Countless special effects, deceptively real animations and daring stunts that we wouldn't even dare in our wildest dreams: Hollywood likes to go all out to captivate viewers in their cinema seats. Director Dorota Kobiela and screenwriter Hugh Welchman, on the other hand, manage without chases and exploding backdrops. They rely solely on the power of painting. And the result is no less haunting than some 3D blockbusters!
For their feature film "Loving Vincent", which dramatizes van Gogh's death and the exact circumstances surrounding it, the duo brought real oil paints to fascinating life for the first time.

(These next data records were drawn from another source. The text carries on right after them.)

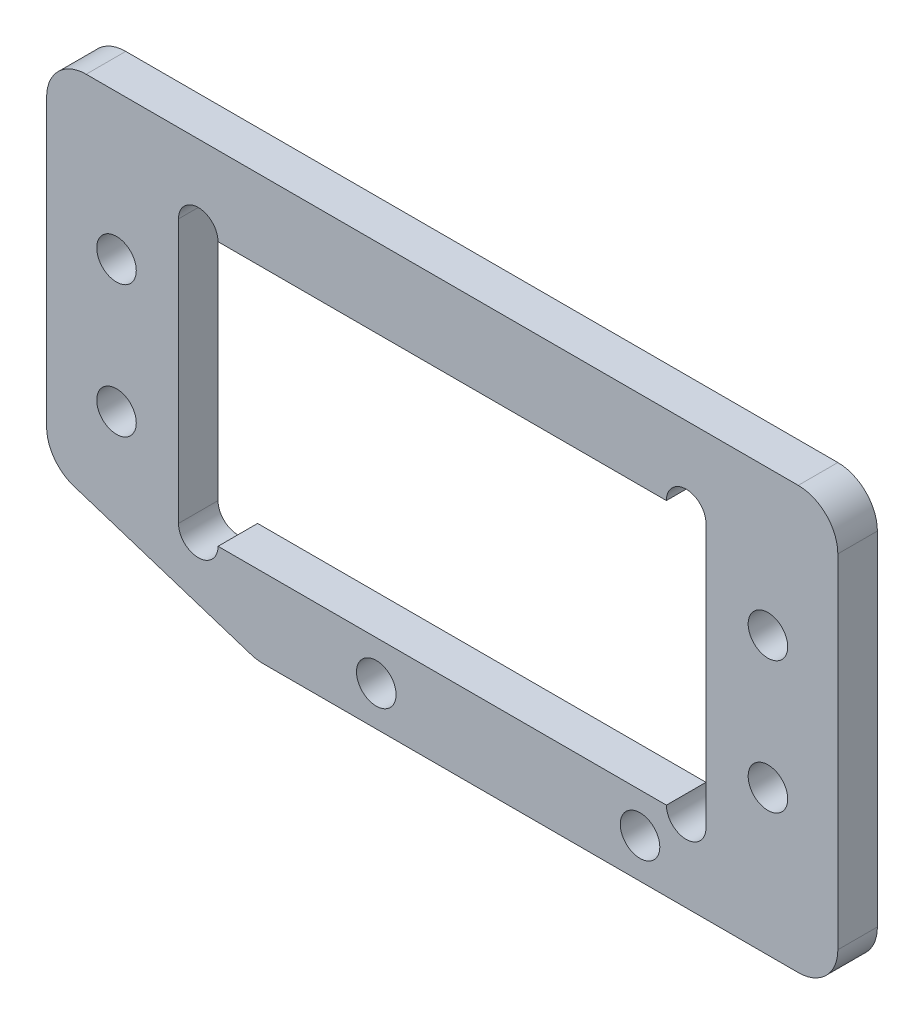
ISO-10303-21;
HEADER;
FILE_DESCRIPTION(('STEP AP214'),'2;1');
FILE_NAME('part.step','',(''),(''),'','','');
FILE_SCHEMA(('AUTOMOTIVE_DESIGN { 1 0 10303 214 1 1 1 1 }'));
ENDSEC;
DATA;
#1=APPLICATION_CONTEXT('core data for automotive mechanical design processes');
#2=APPLICATION_PROTOCOL_DEFINITION('international standard','automotive_design',2000,#1);
#3=PRODUCT_CONTEXT('',#1,'mechanical');
#4=PRODUCT('Part','Part','',(#3));
#5=PRODUCT_RELATED_PRODUCT_CATEGORY('part','',(#4));
#6=PRODUCT_DEFINITION_FORMATION('','',#4);
#7=PRODUCT_DEFINITION_CONTEXT('part definition',#1,'design');
#8=PRODUCT_DEFINITION('design','',#6,#7);
#9=PRODUCT_DEFINITION_SHAPE('','',#8);
#10=(LENGTH_UNIT() NAMED_UNIT(*) SI_UNIT(.MILLI.,.METRE.));
#11=(NAMED_UNIT(*) PLANE_ANGLE_UNIT() SI_UNIT($,.RADIAN.));
#12=(NAMED_UNIT(*) SI_UNIT($,.STERADIAN.) SOLID_ANGLE_UNIT());
#13=UNCERTAINTY_MEASURE_WITH_UNIT(LENGTH_MEASURE(1.E-05),#10,'distance_accuracy_value','');
#14=(GEOMETRIC_REPRESENTATION_CONTEXT(3) GLOBAL_UNCERTAINTY_ASSIGNED_CONTEXT((#13)) GLOBAL_UNIT_ASSIGNED_CONTEXT((#10,
#11,#12)) REPRESENTATION_CONTEXT('',''));
#15=CARTESIAN_POINT('',(0.,0.,0.));
#16=DIRECTION('',(0.,0.,1.));
#17=DIRECTION('',(1.,0.,0.));
#18=AXIS2_PLACEMENT_3D('',#15,#16,#17);
#19=CARTESIAN_POINT('',(0.,0.,3.));
#20=DIRECTION('',(0.,0.,1.));
#21=DIRECTION('',(1.,0.,0.));
#22=AXIS2_PLACEMENT_3D('',#19,#20,#21);
#23=PLANE('',#22);
#24=DIRECTION('',(0.,-1.,0.));
#25=VECTOR('',#24,1.);
#26=CARTESIAN_POINT('',(-10.,6.,3.));
#27=LINE('',#26,#25);
#28=CARTESIAN_POINT('',(-10.,3.,3.));
#29=VERTEX_POINT('',#28);
#30=CARTESIAN_POINT('',(-10.,-18.6692396681873,3.));
#31=VERTEX_POINT('',#30);
#32=EDGE_CURVE('E218',#29,#31,#27,.T.);
#33=ORIENTED_EDGE('',*,*,#32,.T.);
#34=CARTESIAN_POINT('',(-7.,-18.6692396681873,3.));
#35=DIRECTION('',(0.,0.,1.));
#36=DIRECTION('',(1.,0.,0.));
#37=AXIS2_PLACEMENT_3D('',#34,#35,#36);
#38=CIRCLE('',#37,3.);
#39=CARTESIAN_POINT('',(-7.9214460683982,-21.5242242816368,3.));
#40=VERTEX_POINT('',#39);
#41=EDGE_CURVE('E42',#31,#40,#38,.T.);
#42=ORIENTED_EDGE('',*,*,#41,.T.);
#43=DIRECTION('',(-0.951661537816506,0.307148689466068,0.));
#44=VECTOR('',#43,1.);
#45=CARTESIAN_POINT('',(-7.03887680716743,-21.8090734440523,3.));
#46=LINE('',#45,#44);
#47=CARTESIAN_POINT('',(5.4968694857136,-25.8549846134495,3.));
#48=VERTEX_POINT('',#47);
#49=EDGE_CURVE('E280',#48,#40,#46,.T.);
#50=ORIENTED_EDGE('',*,*,#49,.F.);
#51=CARTESIAN_POINT('',(6.4183155541118,-23.,3.));
#52=DIRECTION('',(0.,0.,1.));
#53=DIRECTION('',(1.,0.,0.));
#54=AXIS2_PLACEMENT_3D('',#51,#52,#53);
#55=CIRCLE('',#54,3.);
#56=CARTESIAN_POINT('',(6.4183155541118,-26.,3.));
#57=VERTEX_POINT('',#56);
#58=EDGE_CURVE('E49',#48,#57,#55,.T.);
#59=ORIENTED_EDGE('',*,*,#58,.T.);
#60=DIRECTION('',(1.,0.,0.));
#61=VECTOR('',#60,1.);
#62=CARTESIAN_POINT('',(-10.,-26.,3.));
#63=LINE('',#62,#61);
#64=CARTESIAN_POINT('',(47.,-26.,3.));
#65=VERTEX_POINT('',#64);
#66=EDGE_CURVE('E220',#57,#65,#63,.T.);
#67=ORIENTED_EDGE('',*,*,#66,.T.);
#68=CARTESIAN_POINT('',(47.,-23.,3.));
#69=DIRECTION('',(0.,0.,1.));
#70=DIRECTION('',(1.,0.,0.));
#71=AXIS2_PLACEMENT_3D('',#68,#69,#70);
#72=CIRCLE('',#71,3.);
#73=CARTESIAN_POINT('',(50.,-23.,3.));
#74=VERTEX_POINT('',#73);
#75=EDGE_CURVE('E258',#65,#74,#72,.T.);
#76=ORIENTED_EDGE('',*,*,#75,.T.);
#77=DIRECTION('',(0.,1.,0.));
#78=VECTOR('',#77,1.);
#79=CARTESIAN_POINT('',(50.,6.,3.));
#80=LINE('',#79,#78);
#81=CARTESIAN_POINT('',(50.,3.,3.));
#82=VERTEX_POINT('',#81);
#83=EDGE_CURVE('E223',#74,#82,#80,.T.);
#84=ORIENTED_EDGE('',*,*,#83,.T.);
#85=CARTESIAN_POINT('',(47.,3.,3.));
#86=DIRECTION('',(0.,0.,1.));
#87=DIRECTION('',(1.,0.,0.));
#88=AXIS2_PLACEMENT_3D('',#85,#86,#87);
#89=CIRCLE('',#88,3.);
#90=CARTESIAN_POINT('',(47.,6.,3.));
#91=VERTEX_POINT('',#90);
#92=EDGE_CURVE('E260',#82,#91,#89,.T.);
#93=ORIENTED_EDGE('',*,*,#92,.T.);
#94=DIRECTION('',(-1.,0.,0.));
#95=VECTOR('',#94,1.);
#96=CARTESIAN_POINT('',(-10.,6.,3.));
#97=LINE('',#96,#95);
#98=CARTESIAN_POINT('',(-7.,6.,3.));
#99=VERTEX_POINT('',#98);
#100=EDGE_CURVE('E173',#91,#99,#97,.T.);
#101=ORIENTED_EDGE('',*,*,#100,.T.);
#102=CARTESIAN_POINT('',(-7.,3.,3.));
#103=DIRECTION('',(0.,0.,1.));
#104=DIRECTION('',(1.,0.,0.));
#105=AXIS2_PLACEMENT_3D('',#102,#103,#104);
#106=CIRCLE('',#105,3.);
#107=EDGE_CURVE('E256',#99,#29,#106,.T.);
#108=ORIENTED_EDGE('',*,*,#107,.T.);
#109=EDGE_LOOP('',(#33,#42,#50,#59,#67,#76,#84,#93,#101,#108));
#110=FACE_BOUND('',#109,.T.);
#111=CARTESIAN_POINT('',(1.5,-20.,3.));
#112=DIRECTION('',(0.,0.,1.));
#113=DIRECTION('',(1.,0.,0.));
#114=AXIS2_PLACEMENT_3D('',#111,#112,#113);
#115=CIRCLE('',#114,1.5);
#116=CARTESIAN_POINT('',(0.,-20.,3.));
#117=VERTEX_POINT('',#116);
#118=CARTESIAN_POINT('',(3.,-20.,3.));
#119=VERTEX_POINT('',#118);
#120=EDGE_CURVE('E288',#117,#119,#115,.T.);
#121=ORIENTED_EDGE('',*,*,#120,.F.);
#122=DIRECTION('',(0.,-1.,0.));
#123=VECTOR('',#122,1.);
#124=CARTESIAN_POINT('',(0.,0.,3.));
#125=LINE('',#124,#123);
#126=CARTESIAN_POINT('',(0.,0.,3.));
#127=VERTEX_POINT('',#126);
#128=EDGE_CURVE('E183',#127,#117,#125,.T.);
#129=ORIENTED_EDGE('',*,*,#128,.F.);
#130=CARTESIAN_POINT('',(1.5,0.,3.));
#131=DIRECTION('',(0.,0.,1.));
#132=DIRECTION('',(1.,0.,0.));
#133=AXIS2_PLACEMENT_3D('',#130,#131,#132);
#134=CIRCLE('',#133,1.5);
#135=CARTESIAN_POINT('',(3.,0.,3.));
#136=VERTEX_POINT('',#135);
#137=EDGE_CURVE('E164',#136,#127,#134,.T.);
#138=ORIENTED_EDGE('',*,*,#137,.F.);
#139=DIRECTION('',(-1.,0.,0.));
#140=VECTOR('',#139,1.);
#141=CARTESIAN_POINT('',(0.,0.,3.));
#142=LINE('',#141,#140);
#143=CARTESIAN_POINT('',(37.,0.,3.));
#144=VERTEX_POINT('',#143);
#145=EDGE_CURVE('E181',#144,#136,#142,.T.);
#146=ORIENTED_EDGE('',*,*,#145,.F.);
#147=CARTESIAN_POINT('',(38.5,0.,3.));
#148=DIRECTION('',(0.,0.,1.));
#149=DIRECTION('',(1.,0.,0.));
#150=AXIS2_PLACEMENT_3D('',#147,#148,#149);
#151=CIRCLE('',#150,1.5);
#152=CARTESIAN_POINT('',(40.,0.,3.));
#153=VERTEX_POINT('',#152);
#154=EDGE_CURVE('E465',#153,#144,#151,.T.);
#155=ORIENTED_EDGE('',*,*,#154,.F.);
#156=DIRECTION('',(0.,1.,0.));
#157=VECTOR('',#156,1.);
#158=CARTESIAN_POINT('',(40.,0.,3.));
#159=LINE('',#158,#157);
#160=CARTESIAN_POINT('',(40.,-20.,3.));
#161=VERTEX_POINT('',#160);
#162=EDGE_CURVE('E189',#161,#153,#159,.T.);
#163=ORIENTED_EDGE('',*,*,#162,.F.);
#164=CARTESIAN_POINT('',(38.5,-20.,3.));
#165=DIRECTION('',(0.,0.,1.));
#166=DIRECTION('',(1.,0.,0.));
#167=AXIS2_PLACEMENT_3D('',#164,#165,#166);
#168=CIRCLE('',#167,1.5);
#169=CARTESIAN_POINT('',(37.,-20.,3.));
#170=VERTEX_POINT('',#169);
#171=EDGE_CURVE('E417',#170,#161,#168,.T.);
#172=ORIENTED_EDGE('',*,*,#171,.F.);
#173=DIRECTION('',(1.,0.,0.));
#174=VECTOR('',#173,1.);
#175=CARTESIAN_POINT('',(0.,-20.,3.));
#176=LINE('',#175,#174);
#177=EDGE_CURVE('E194',#119,#170,#176,.T.);
#178=ORIENTED_EDGE('',*,*,#177,.F.);
#179=EDGE_LOOP('',(#121,#129,#138,#146,#155,#163,#172,#178));
#180=FACE_BOUND('',#179,.T.);
#181=CARTESIAN_POINT('',(35.,-23.,3.));
#182=DIRECTION('',(0.,0.,1.));
#183=DIRECTION('',(1.,0.,0.));
#184=AXIS2_PLACEMENT_3D('',#181,#182,#183);
#185=CIRCLE('',#184,1.5);
#186=CARTESIAN_POINT('',(36.5,-23.,3.));
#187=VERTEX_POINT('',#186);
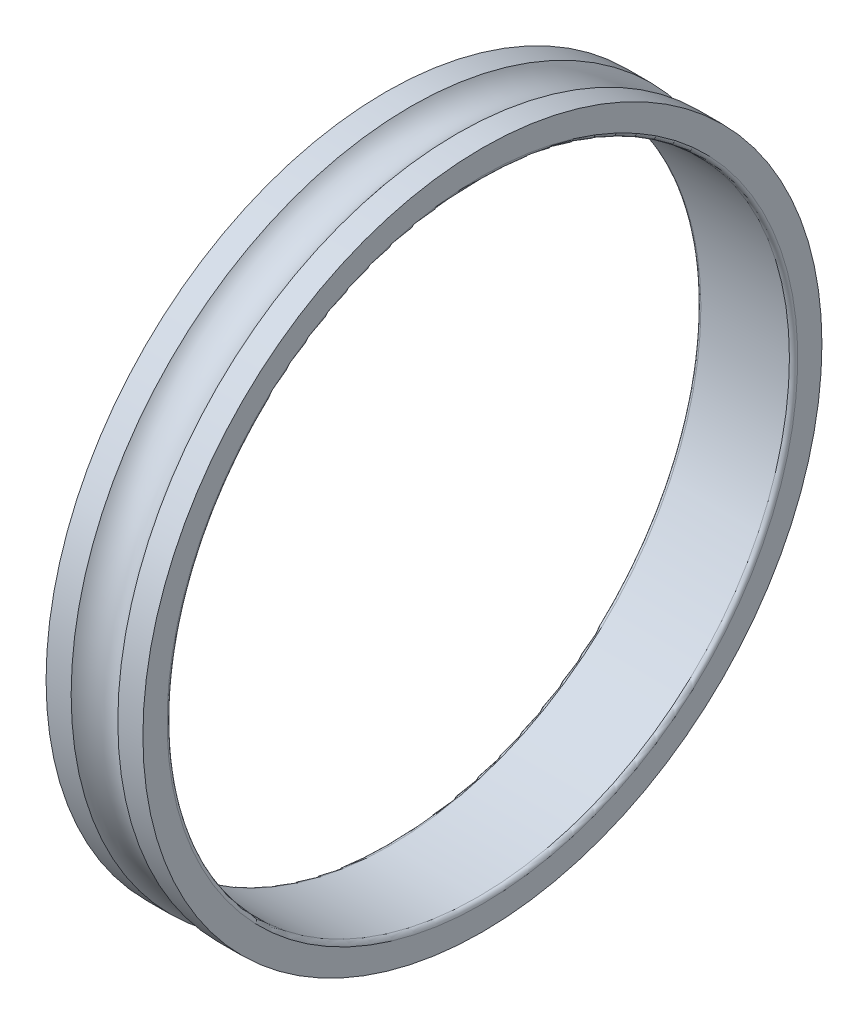
ISO-10303-21;
HEADER;
FILE_DESCRIPTION(('STEP AP214'),'2;1');
FILE_NAME('part.step','',(''),(''),'','','');
FILE_SCHEMA(('AUTOMOTIVE_DESIGN { 1 0 10303 214 1 1 1 1 }'));
ENDSEC;
DATA;
#1=APPLICATION_CONTEXT('core data for automotive mechanical design processes');
#2=APPLICATION_PROTOCOL_DEFINITION('international standard','automotive_design',2000,#1);
#3=PRODUCT_CONTEXT('',#1,'mechanical');
#4=PRODUCT('Part','Part','',(#3));
#5=PRODUCT_RELATED_PRODUCT_CATEGORY('part','',(#4));
#6=PRODUCT_DEFINITION_FORMATION('','',#4);
#7=PRODUCT_DEFINITION_CONTEXT('part definition',#1,'design');
#8=PRODUCT_DEFINITION('design','',#6,#7);
#9=PRODUCT_DEFINITION_SHAPE('','',#8);
#10=(LENGTH_UNIT() NAMED_UNIT(*) SI_UNIT(.MILLI.,.METRE.));
#11=(NAMED_UNIT(*) PLANE_ANGLE_UNIT() SI_UNIT($,.RADIAN.));
#12=(NAMED_UNIT(*) SI_UNIT($,.STERADIAN.) SOLID_ANGLE_UNIT());
#13=UNCERTAINTY_MEASURE_WITH_UNIT(LENGTH_MEASURE(1.E-05),#10,'distance_accuracy_value','');
#14=(GEOMETRIC_REPRESENTATION_CONTEXT(3) GLOBAL_UNCERTAINTY_ASSIGNED_CONTEXT((#13)) GLOBAL_UNIT_ASSIGNED_CONTEXT((#10,
#11,#12)) REPRESENTATION_CONTEXT('',''));
#15=CARTESIAN_POINT('',(0.,0.,0.));
#16=DIRECTION('',(0.,0.,1.));
#17=DIRECTION('',(1.,0.,0.));
#18=AXIS2_PLACEMENT_3D('',#15,#16,#17);
#19=CARTESIAN_POINT('',(3.5,0.,0.));
#20=DIRECTION('',(-1.,0.,0.));
#21=DIRECTION('',(0.,-1.,0.));
#22=AXIS2_PLACEMENT_3D('',#19,#20,#21);
#23=TOROIDAL_SURFACE('',#22,25.8,2.1);
#24=CARTESIAN_POINT('',(5.18745370306862,0.,0.));
#25=DIRECTION('',(1.,0.,0.));
#26=DIRECTION('',(0.,0.,-1.));
#27=AXIS2_PLACEMENT_3D('',#24,#25,#26);
#28=CIRCLE('',#27,24.55);
#29=CARTESIAN_POINT('',(5.18745370306862,0.,-24.55));
#30=VERTEX_POINT('',#29);
#31=EDGE_CURVE('E215',#30,#30,#28,.T.);
#32=ORIENTED_EDGE('',*,*,#31,.F.);
#33=EDGE_LOOP('',(#32));
#34=FACE_BOUND('',#33,.T.);
#35=CARTESIAN_POINT('',(1.81254629693138,0.,0.));
#36=DIRECTION('',(1.,0.,0.));
#37=DIRECTION('',(0.,0.,-1.));
#38=AXIS2_PLACEMENT_3D('',#35,#36,#37);
#39=CIRCLE('',#38,24.55);
#40=CARTESIAN_POINT('',(1.81254629693138,0.,-24.55));
#41=VERTEX_POINT('',#40);
#42=EDGE_CURVE('E212',#41,#41,#39,.F.);
#43=ORIENTED_EDGE('',*,*,#42,.F.);
#44=EDGE_LOOP('',(#43));
#45=FACE_BOUND('',#44,.T.);
#46=ADVANCED_FACE('F16',(#34,#45),#23,.F.);
#47=CARTESIAN_POINT('',(6.09372685153431,0.,0.));
#48=DIRECTION('',(1.,0.,0.));
#49=DIRECTION('',(0.,0.,-1.));
#50=AXIS2_PLACEMENT_3D('',#47,#48,#49);
#51=CYLINDRICAL_SURFACE('',#50,24.55);
#52=ORIENTED_EDGE('',*,*,#31,.T.);
#53=EDGE_LOOP('',(#52));
#54=FACE_BOUND('',#53,.T.);
#55=CARTESIAN_POINT('',(7.,0.,0.));
#56=DIRECTION('',(1.,0.,0.));
#57=DIRECTION('',(0.,0.,-1.));
#58=AXIS2_PLACEMENT_3D('',#55,#56,#57);
#59=CIRCLE('',#58,24.55);
#60=CARTESIAN_POINT('',(7.,0.,-24.55));
#61=VERTEX_POINT('',#60);
#62=EDGE_CURVE('E194',#61,#61,#59,.T.);
#63=ORIENTED_EDGE('',*,*,#62,.F.);
#64=EDGE_LOOP('',(#63));
#65=FACE_BOUND('',#64,.T.);
#66=ADVANCED_FACE('F78',(#54,#65),#51,.T.);
#67=CARTESIAN_POINT('',(0.90627314846569,0.,0.));
#68=DIRECTION('',(1.,0.,0.));
#69=DIRECTION('',(0.,0.,-1.));
#70=AXIS2_PLACEMENT_3D('',#67,#68,#69);
#71=CYLINDRICAL_SURFACE('',#70,24.55);
#72=CARTESIAN_POINT('',(0.,0.,0.));
#73=DIRECTION('',(1.,0.,0.));
#74=DIRECTION('',(0.,0.,-1.));
#75=AXIS2_PLACEMENT_3D('',#72,#73,#74);
#76=CIRCLE('',#75,24.55);
#77=CARTESIAN_POINT('',(0.,0.,-24.55));
#78=VERTEX_POINT('',#77);
#79=EDGE_CURVE('E56',#78,#78,#76,.F.);
#80=ORIENTED_EDGE('',*,*,#79,.F.);
#81=EDGE_LOOP('',(#80));
#82=FACE_BOUND('',#81,.T.);
#83=ORIENTED_EDGE('',*,*,#42,.T.);
#84=EDGE_LOOP('',(#83));
#85=FACE_BOUND('',#84,.T.);
#86=ADVANCED_FACE('F73',(#82,#85),#71,.T.);
#87=CARTESIAN_POINT('',(7.,0.,23.675));
#88=DIRECTION('',(1.,0.,0.));
#89=DIRECTION('',(0.,0.,-1.));
#90=AXIS2_PLACEMENT_3D('',#87,#88,#89);
#91=PLANE('',#90);
#92=CARTESIAN_POINT('',(7.,0.,0.));
#93=DIRECTION('',(1.,0.,0.));
#94=DIRECTION('',(0.,-1.,0.));
#95=AXIS2_PLACEMENT_3D('',#92,#93,#94);
#96=CIRCLE('',#95,22.8);
#97=CARTESIAN_POINT('',(7.,-22.8,0.));
#98=VERTEX_POINT('',#97);
#99=CARTESIAN_POINT('',(7.,22.8,0.));
#100=VERTEX_POINT('',#99);
#101=EDGE_CURVE('E44',#98,#100,#96,.T.);
#102=ORIENTED_EDGE('',*,*,#101,.F.);
#103=CARTESIAN_POINT('',(7.,0.,0.));
#104=DIRECTION('',(1.,0.,0.));
#105=DIRECTION('',(0.,1.,0.));
#106=AXIS2_PLACEMENT_3D('',#103,#104,#105);
#107=CIRCLE('',#106,22.8);
#108=EDGE_CURVE('E41',#100,#98,#107,.T.);
#109=ORIENTED_EDGE('',*,*,#108,.F.);
#110=EDGE_LOOP('',(#102,#109));
#111=FACE_BOUND('',#110,.T.);
#112=ORIENTED_EDGE('',*,*,#62,.T.);
#113=EDGE_LOOP('',(#112));
#114=FACE_BOUND('',#113,.T.);
#115=ADVANCED_FACE('F54',(#111,#114),#91,.T.);
#116=CARTESIAN_POINT('',(0.,0.,23.675));
#117=DIRECTION('',(-1.,0.,0.));
#118=DIRECTION('',(0.,0.,1.));
#119=AXIS2_PLACEMENT_3D('',#116,#117,#118);
#120=PLANE('',#119);
#121=CARTESIAN_POINT('',(0.,0.,0.));
#122=DIRECTION('',(-1.,0.,0.));
#123=DIRECTION('',(0.,-1.,0.));
#124=AXIS2_PLACEMENT_3D('',#121,#122,#123);
#125=CIRCLE('',#124,22.8);
#126=CARTESIAN_POINT('',(0.,-22.8,0.));
#127=VERTEX_POINT('',#126);
#128=CARTESIAN_POINT('',(0.,22.8,0.));
#129=VERTEX_POINT('',#128);
#130=EDGE_CURVE('E32',#127,#129,#125,.T.);
#131=ORIENTED_EDGE('',*,*,#130,.F.);
#132=CARTESIAN_POINT('',(0.,0.,0.));
#133=DIRECTION('',(-1.,0.,0.));
#134=DIRECTION('',(0.,1.,0.));
#135=AXIS2_PLACEMENT_3D('',#132,#133,#134);
#136=CIRCLE('',#135,22.8);
#137=EDGE_CURVE('E50',#129,#127,#136,.T.);
#138=ORIENTED_EDGE('',*,*,#137,.F.);
#139=EDGE_LOOP('',(#131,#138));
#140=FACE_BOUND('',#139,.T.);
#141=ORIENTED_EDGE('',*,*,#79,.T.);
#142=EDGE_LOOP('',(#141));
#143=FACE_BOUND('',#142,.T.);
#144=ADVANCED_FACE('F72',(#140,#143),#120,.T.);
#145=CARTESIAN_POINT('',(6.7,0.,0.));
#146=DIRECTION('',(-1.,0.,0.));
#147=DIRECTION('',(0.,-1.,0.));
#148=AXIS2_PLACEMENT_3D('',#145,#146,#147);
#149=TOROIDAL_SURFACE('',#148,22.8,0.300000000000002);
#150=ORIENTED_EDGE('',*,*,#108,.T.);
#151=ORIENTED_EDGE('',*,*,#101,.T.);
#152=EDGE_LOOP('',(#150,#151));
#153=FACE_BOUND('',#152,.T.);
#154=CARTESIAN_POINT('',(6.7,0.,0.));
#155=DIRECTION('',(1.,0.,0.));
#156=DIRECTION('',(0.,0.,-1.));
#157=AXIS2_PLACEMENT_3D('',#154,#155,#156);
#158=CIRCLE('',#157,22.5);
#159=CARTESIAN_POINT('',(6.7,0.,-22.5));
#160=VERTEX_POINT('',#159);
#161=EDGE_CURVE('E20',#160,#160,#158,.F.);
#162=ORIENTED_EDGE('',*,*,#161,.T.);
#163=EDGE_LOOP('',(#162));
#164=FACE_BOUND('',#163,.T.);
#165=ADVANCED_FACE('F46',(#153,#164),#149,.T.);
#166=CARTESIAN_POINT('',(0.300000000000001,0.,0.));
#167=DIRECTION('',(-1.,0.,0.));
#168=DIRECTION('',(0.,-1.,0.));
#169=AXIS2_PLACEMENT_3D('',#166,#167,#168);
#170=TOROIDAL_SURFACE('',#169,22.8,0.300000000000001);
#171=ORIENTED_EDGE('',*,*,#137,.T.);
#172=ORIENTED_EDGE('',*,*,#130,.T.);
#173=EDGE_LOOP('',(#171,#172));
#174=FACE_BOUND('',#173,.T.);
#175=CARTESIAN_POINT('',(0.3,0.,0.));
#176=DIRECTION('',(1.,0.,0.));
#177=DIRECTION('',(0.,0.,-1.));
#178=AXIS2_PLACEMENT_3D('',#175,#176,#177);
#179=CIRCLE('',#178,22.5);
#180=CARTESIAN_POINT('',(0.3,0.,-22.5));
#181=VERTEX_POINT('',#180);
#182=EDGE_CURVE('E11',#181,#181,#179,.T.);
#183=ORIENTED_EDGE('',*,*,#182,.T.);
#184=EDGE_LOOP('',(#183));
#185=FACE_BOUND('',#184,.T.);
#186=ADVANCED_FACE('F91',(#174,#185),#170,.T.);
#187=CARTESIAN_POINT('',(3.5,0.,0.));
#188=DIRECTION('',(1.,0.,0.));
#189=DIRECTION('',(0.,0.,-1.));
#190=AXIS2_PLACEMENT_3D('',#187,#188,#189);
#191=CYLINDRICAL_SURFACE('',#190,22.5);
#192=ORIENTED_EDGE('',*,*,#182,.F.);
#193=EDGE_LOOP('',(#192));
#194=FACE_BOUND('',#193,.T.);
#195=ORIENTED_EDGE('',*,*,#161,.F.);
#196=EDGE_LOOP('',(#195));
#197=FACE_BOUND('',#196,.T.);
#198=ADVANCED_FACE('F89',(#194,#197),#191,.F.);
#199=CLOSED_SHELL('',(#46,#66,#86,#115,#144,#165,#186,#198));
#200=MANIFOLD_SOLID_BREP('B1',#199);
#201=ADVANCED_BREP_SHAPE_REPRESENTATION('',(#18,#200),#14);
#202=SHAPE_DEFINITION_REPRESENTATION(#9,#201);
ENDSEC;
END-ISO-10303-21;

A size comparison makes it clear how much work this pioneering work required: spread out, the paintings by Vincent van Gogh used would cover the metropolis of London and the whole of Manhattan at the same time.
However, before his works began to move, each scene was extensively pre-shot with real actors. You're already looking forward to a making-of to find out more about this sophisticated technology. "Loving Vincent" is not only worth seeing because of the flood of pictures, no, the story is also sweeping. No slightly dusty artist biography is offered here, but an unexpected, exciting thriller.
A short plot teaser: After receiving a letter from the famous painter from his father, young Armand Roulin sets out to find out more about his life. On his journey, he quickly suspects that the van Goghs might not have committed suicide after all. Together with contemporary witnesses, such as the doctor Dr. Gachet and his daughter Marguerite, Roulin goes in search of the truth. Sounds like an Oscar? It wouldn't be the first for screenwriter Hugh Welchman.